In the listing below, locate the line that contains "IC2: MCP2551SO8; SO08" and the line that contains "RFB2: 16.2k; 0603-RES". Restate word for word those two lines and every line between them, and nothing else.

________________________

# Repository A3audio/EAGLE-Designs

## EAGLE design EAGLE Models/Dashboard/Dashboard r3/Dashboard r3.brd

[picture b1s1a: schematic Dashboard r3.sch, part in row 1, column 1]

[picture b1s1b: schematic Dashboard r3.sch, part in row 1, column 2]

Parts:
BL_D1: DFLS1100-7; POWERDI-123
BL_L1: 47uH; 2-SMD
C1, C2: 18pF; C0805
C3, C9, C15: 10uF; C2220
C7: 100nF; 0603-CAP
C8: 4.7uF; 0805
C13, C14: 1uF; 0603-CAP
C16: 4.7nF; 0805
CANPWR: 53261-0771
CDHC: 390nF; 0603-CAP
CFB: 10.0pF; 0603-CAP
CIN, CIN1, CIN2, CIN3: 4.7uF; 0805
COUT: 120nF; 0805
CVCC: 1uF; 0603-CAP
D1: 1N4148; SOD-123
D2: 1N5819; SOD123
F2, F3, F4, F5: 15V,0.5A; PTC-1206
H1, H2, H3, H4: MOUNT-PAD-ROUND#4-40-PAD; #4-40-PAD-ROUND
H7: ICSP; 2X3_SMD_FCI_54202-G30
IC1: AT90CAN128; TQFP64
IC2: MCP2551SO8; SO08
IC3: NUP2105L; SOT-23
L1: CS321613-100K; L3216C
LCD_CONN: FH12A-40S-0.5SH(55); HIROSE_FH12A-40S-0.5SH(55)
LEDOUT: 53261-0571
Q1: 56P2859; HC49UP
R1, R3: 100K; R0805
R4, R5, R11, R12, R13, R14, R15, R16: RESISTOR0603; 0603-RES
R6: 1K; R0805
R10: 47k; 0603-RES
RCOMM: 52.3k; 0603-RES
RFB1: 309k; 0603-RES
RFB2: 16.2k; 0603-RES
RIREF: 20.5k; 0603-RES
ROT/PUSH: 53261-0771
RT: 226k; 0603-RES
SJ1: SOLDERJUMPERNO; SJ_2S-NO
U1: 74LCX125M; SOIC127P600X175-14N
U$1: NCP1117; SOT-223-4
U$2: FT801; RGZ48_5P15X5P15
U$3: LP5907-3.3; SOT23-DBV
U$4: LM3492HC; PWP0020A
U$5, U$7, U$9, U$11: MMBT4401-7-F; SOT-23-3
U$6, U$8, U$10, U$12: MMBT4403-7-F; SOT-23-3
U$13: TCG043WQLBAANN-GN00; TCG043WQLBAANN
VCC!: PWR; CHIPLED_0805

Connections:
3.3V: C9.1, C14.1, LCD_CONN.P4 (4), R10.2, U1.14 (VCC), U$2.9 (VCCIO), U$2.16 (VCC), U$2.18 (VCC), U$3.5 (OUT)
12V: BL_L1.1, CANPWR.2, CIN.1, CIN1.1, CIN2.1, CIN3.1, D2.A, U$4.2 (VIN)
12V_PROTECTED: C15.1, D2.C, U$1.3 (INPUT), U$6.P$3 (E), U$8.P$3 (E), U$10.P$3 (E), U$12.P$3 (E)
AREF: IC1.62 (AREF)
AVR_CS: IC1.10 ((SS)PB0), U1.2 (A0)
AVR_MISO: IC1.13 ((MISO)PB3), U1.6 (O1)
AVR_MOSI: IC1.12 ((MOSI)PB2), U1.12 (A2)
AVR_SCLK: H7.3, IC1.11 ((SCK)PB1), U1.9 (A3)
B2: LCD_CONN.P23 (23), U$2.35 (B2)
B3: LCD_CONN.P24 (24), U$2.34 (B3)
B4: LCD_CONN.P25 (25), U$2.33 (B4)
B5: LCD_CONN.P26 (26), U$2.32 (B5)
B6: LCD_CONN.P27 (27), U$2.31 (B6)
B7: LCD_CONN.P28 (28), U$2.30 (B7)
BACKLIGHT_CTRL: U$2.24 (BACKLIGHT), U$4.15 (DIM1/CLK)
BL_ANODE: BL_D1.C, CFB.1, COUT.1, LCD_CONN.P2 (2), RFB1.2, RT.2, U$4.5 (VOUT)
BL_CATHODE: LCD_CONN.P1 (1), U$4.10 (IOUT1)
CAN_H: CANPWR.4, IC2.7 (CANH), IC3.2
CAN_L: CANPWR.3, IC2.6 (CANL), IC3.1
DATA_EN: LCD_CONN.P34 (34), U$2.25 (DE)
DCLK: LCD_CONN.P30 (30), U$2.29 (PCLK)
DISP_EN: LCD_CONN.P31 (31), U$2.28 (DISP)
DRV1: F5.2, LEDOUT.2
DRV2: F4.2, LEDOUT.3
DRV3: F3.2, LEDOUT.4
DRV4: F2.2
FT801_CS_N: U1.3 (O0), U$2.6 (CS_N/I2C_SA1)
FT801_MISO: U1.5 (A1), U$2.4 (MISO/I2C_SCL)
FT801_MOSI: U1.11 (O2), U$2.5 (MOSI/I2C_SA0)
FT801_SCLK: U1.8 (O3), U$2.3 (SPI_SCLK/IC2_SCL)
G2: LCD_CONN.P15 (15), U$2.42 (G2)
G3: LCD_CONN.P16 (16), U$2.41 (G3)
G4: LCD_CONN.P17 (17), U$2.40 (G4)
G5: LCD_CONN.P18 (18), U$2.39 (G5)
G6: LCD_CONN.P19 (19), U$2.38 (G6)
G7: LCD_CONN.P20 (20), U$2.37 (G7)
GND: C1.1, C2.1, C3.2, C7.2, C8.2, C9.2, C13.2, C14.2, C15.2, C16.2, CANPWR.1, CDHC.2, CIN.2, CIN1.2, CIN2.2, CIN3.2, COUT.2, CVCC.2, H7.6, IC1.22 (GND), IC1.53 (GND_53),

________________________

## Result
IC2: MCP2551SO8; SO08
IC3: NUP2105L; SOT-23
L1: CS321613-100K; L3216C
LCD_CONN: FH12A-40S-0.5SH(55); HIROSE_FH12A-40S-0.5SH(55)
LEDOUT: 53261-0571
Q1: 56P2859; HC49UP
R1, R3: 100K; R0805
R4, R5, R11, R12, R13, R14, R15, R16: RESISTOR0603; 0603-RES
R6: 1K; R0805
R10: 47k; 0603-RES
RCOMM: 52.3k; 0603-RES
RFB1: 309k; 0603-RES
RFB2: 16.2k; 0603-RES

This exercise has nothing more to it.